___ Dataset content ___

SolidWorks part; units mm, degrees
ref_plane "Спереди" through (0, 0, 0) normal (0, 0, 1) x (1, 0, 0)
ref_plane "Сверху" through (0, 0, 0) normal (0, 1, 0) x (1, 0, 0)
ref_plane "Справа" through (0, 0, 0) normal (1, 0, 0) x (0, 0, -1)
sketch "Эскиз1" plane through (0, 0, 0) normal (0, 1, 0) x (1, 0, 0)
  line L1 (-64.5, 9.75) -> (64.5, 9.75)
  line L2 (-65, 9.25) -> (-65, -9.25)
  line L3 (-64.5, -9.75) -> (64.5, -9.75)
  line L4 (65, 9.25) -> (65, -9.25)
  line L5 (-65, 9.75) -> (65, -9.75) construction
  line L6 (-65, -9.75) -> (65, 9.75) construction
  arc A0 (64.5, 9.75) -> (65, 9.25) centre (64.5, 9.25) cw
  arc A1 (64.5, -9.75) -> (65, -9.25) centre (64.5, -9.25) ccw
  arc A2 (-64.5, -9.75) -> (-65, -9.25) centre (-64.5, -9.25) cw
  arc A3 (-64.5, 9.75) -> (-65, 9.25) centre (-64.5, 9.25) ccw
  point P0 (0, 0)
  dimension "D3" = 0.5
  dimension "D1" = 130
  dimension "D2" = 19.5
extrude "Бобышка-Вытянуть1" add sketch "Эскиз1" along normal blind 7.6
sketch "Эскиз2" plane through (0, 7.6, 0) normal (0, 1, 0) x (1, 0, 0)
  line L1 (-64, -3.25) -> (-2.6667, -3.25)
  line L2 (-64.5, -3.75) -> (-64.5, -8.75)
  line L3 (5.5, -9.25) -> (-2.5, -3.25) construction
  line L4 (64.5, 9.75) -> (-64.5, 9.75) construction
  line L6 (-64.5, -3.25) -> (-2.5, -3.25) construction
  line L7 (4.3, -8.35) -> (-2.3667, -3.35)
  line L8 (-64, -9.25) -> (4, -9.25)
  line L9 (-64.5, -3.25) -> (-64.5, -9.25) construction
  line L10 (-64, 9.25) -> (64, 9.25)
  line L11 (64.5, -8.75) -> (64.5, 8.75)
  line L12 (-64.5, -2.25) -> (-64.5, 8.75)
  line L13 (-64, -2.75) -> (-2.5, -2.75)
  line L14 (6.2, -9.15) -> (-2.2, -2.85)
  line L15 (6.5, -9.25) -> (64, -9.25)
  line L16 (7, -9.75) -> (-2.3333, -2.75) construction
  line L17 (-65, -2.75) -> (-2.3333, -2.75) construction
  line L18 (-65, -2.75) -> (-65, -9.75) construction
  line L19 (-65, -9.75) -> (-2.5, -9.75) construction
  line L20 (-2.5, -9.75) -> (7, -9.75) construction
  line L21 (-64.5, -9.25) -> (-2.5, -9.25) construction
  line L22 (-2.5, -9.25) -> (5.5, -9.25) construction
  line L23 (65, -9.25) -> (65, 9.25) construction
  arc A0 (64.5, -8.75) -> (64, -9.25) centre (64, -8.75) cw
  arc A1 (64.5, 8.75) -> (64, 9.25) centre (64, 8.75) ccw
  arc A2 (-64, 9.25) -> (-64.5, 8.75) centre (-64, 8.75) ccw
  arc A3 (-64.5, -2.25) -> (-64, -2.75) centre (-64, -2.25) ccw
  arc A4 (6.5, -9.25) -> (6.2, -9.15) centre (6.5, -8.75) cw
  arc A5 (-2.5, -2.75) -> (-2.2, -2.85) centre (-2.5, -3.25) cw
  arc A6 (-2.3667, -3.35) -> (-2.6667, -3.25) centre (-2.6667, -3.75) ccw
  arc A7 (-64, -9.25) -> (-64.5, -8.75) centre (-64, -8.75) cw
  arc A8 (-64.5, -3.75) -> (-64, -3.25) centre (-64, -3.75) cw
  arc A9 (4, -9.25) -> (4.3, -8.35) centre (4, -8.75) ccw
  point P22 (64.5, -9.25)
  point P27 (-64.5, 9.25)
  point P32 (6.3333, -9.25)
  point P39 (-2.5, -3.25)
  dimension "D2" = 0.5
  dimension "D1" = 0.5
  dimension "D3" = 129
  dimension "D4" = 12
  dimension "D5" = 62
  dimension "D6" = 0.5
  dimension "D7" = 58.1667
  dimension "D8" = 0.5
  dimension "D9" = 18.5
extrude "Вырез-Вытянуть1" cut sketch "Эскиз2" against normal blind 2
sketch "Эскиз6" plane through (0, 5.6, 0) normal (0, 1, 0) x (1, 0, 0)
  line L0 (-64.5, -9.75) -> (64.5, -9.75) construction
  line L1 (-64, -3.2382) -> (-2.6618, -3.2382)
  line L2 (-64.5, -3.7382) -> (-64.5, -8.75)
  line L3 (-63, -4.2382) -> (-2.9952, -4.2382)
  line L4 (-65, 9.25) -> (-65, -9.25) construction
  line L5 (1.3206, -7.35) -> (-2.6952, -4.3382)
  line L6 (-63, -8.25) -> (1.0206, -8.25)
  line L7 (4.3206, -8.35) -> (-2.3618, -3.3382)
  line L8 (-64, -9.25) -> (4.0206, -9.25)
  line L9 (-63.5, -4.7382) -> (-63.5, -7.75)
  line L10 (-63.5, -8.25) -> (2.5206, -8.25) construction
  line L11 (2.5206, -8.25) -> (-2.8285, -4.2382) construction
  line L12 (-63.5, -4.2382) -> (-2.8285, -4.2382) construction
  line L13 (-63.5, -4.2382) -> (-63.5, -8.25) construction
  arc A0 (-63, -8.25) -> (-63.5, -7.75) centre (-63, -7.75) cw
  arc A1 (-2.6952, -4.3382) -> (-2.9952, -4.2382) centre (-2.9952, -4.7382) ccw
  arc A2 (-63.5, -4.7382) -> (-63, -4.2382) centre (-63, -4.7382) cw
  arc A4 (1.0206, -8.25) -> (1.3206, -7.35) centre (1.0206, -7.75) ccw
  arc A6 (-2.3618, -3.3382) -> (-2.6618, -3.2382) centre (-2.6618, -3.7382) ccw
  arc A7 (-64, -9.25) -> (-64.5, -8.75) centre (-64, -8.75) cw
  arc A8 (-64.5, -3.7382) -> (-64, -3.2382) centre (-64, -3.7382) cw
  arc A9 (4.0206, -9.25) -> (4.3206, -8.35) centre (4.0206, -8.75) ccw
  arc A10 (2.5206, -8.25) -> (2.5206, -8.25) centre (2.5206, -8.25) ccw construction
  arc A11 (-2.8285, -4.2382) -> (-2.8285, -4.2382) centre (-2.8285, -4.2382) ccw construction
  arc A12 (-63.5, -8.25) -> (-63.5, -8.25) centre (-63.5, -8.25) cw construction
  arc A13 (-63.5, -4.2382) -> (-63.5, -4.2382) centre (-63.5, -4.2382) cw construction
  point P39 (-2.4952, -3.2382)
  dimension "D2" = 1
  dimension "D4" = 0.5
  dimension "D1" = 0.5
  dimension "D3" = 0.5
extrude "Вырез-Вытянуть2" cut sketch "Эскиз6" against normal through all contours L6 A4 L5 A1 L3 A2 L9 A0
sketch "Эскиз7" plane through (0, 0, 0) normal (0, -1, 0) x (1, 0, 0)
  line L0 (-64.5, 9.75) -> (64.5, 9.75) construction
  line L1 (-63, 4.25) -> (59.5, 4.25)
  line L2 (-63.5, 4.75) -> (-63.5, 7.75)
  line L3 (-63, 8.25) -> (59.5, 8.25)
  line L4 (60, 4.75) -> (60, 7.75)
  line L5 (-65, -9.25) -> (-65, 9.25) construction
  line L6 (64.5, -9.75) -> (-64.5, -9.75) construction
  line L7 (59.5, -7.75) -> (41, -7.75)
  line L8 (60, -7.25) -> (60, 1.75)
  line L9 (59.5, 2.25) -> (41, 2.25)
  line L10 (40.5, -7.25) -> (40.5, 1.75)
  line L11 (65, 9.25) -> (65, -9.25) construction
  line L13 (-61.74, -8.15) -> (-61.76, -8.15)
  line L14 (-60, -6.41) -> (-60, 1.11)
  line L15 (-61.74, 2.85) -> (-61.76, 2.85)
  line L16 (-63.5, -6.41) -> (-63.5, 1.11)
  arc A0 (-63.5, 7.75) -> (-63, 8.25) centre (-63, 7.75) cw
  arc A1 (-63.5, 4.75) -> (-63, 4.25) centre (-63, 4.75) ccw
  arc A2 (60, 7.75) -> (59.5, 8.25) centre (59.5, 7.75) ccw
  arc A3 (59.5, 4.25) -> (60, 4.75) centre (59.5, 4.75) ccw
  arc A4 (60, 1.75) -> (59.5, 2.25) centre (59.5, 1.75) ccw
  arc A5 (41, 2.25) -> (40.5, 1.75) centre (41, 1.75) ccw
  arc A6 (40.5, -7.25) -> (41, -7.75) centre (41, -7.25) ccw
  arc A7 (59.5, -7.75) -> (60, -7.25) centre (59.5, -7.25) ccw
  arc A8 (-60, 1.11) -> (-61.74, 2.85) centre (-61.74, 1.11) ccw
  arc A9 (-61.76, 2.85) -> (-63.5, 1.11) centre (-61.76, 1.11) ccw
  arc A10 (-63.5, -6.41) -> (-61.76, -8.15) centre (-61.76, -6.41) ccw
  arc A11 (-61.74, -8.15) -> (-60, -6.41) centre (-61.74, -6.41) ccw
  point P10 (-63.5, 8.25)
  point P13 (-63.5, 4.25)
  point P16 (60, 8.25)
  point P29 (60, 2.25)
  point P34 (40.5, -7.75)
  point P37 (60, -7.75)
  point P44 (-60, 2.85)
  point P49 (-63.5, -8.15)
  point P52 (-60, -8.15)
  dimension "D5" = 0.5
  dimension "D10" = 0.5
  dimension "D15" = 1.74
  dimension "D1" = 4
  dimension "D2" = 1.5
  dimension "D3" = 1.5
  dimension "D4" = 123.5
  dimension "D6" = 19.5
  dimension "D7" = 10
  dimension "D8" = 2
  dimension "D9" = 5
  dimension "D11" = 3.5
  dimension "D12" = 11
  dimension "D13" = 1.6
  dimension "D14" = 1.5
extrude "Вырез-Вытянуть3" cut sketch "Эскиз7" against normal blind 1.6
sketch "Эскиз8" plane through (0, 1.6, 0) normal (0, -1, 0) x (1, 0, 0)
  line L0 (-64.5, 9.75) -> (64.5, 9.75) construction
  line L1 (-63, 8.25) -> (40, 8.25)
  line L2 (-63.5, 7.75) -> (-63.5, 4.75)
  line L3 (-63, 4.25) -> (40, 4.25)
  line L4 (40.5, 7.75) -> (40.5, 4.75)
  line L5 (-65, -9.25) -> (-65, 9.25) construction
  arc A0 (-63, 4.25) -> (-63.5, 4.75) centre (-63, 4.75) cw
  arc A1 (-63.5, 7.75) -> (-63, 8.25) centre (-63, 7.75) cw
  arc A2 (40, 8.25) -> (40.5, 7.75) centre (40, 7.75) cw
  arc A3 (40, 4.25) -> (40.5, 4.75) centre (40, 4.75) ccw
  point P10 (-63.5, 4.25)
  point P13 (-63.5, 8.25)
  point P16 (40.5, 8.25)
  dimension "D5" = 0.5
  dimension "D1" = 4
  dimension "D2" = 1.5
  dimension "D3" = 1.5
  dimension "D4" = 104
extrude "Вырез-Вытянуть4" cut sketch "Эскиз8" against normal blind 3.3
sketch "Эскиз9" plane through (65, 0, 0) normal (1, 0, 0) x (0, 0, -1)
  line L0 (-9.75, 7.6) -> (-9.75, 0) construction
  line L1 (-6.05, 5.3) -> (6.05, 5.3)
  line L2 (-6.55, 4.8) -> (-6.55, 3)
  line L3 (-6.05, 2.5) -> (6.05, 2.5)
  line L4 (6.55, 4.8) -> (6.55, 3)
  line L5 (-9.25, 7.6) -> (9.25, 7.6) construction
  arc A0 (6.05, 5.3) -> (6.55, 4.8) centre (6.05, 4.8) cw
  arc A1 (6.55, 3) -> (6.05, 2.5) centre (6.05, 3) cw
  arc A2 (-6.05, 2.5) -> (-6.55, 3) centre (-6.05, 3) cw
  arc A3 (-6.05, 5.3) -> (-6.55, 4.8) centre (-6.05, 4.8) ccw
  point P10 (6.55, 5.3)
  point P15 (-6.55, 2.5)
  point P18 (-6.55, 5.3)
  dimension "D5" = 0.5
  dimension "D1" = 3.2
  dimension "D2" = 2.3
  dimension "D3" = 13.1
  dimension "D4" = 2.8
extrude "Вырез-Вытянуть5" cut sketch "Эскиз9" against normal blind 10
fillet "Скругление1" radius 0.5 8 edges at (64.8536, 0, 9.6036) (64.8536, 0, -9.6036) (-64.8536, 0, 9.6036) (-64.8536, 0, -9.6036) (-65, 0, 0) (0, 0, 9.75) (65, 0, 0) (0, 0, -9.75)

___

> Directions:
Look over the listing above. Pick out and copy every line that includes "blind".

> Task solution:
extrude "Бобышка-Вытянуть1" add sketch "Эскиз1" along normal blind 7.6
extrude "Вырез-Вытянуть1" cut sketch "Эскиз2" against normal blind 2
extrude "Вырез-Вытянуть3" cut sketch "Эскиз7" against normal blind 1.6
extrude "Вырез-Вытянуть4" cut sketch "Эскиз8" against normal blind 3.3
extrude "Вырез-Вытянуть5" cut sketch "Эскиз9" against normal blind 10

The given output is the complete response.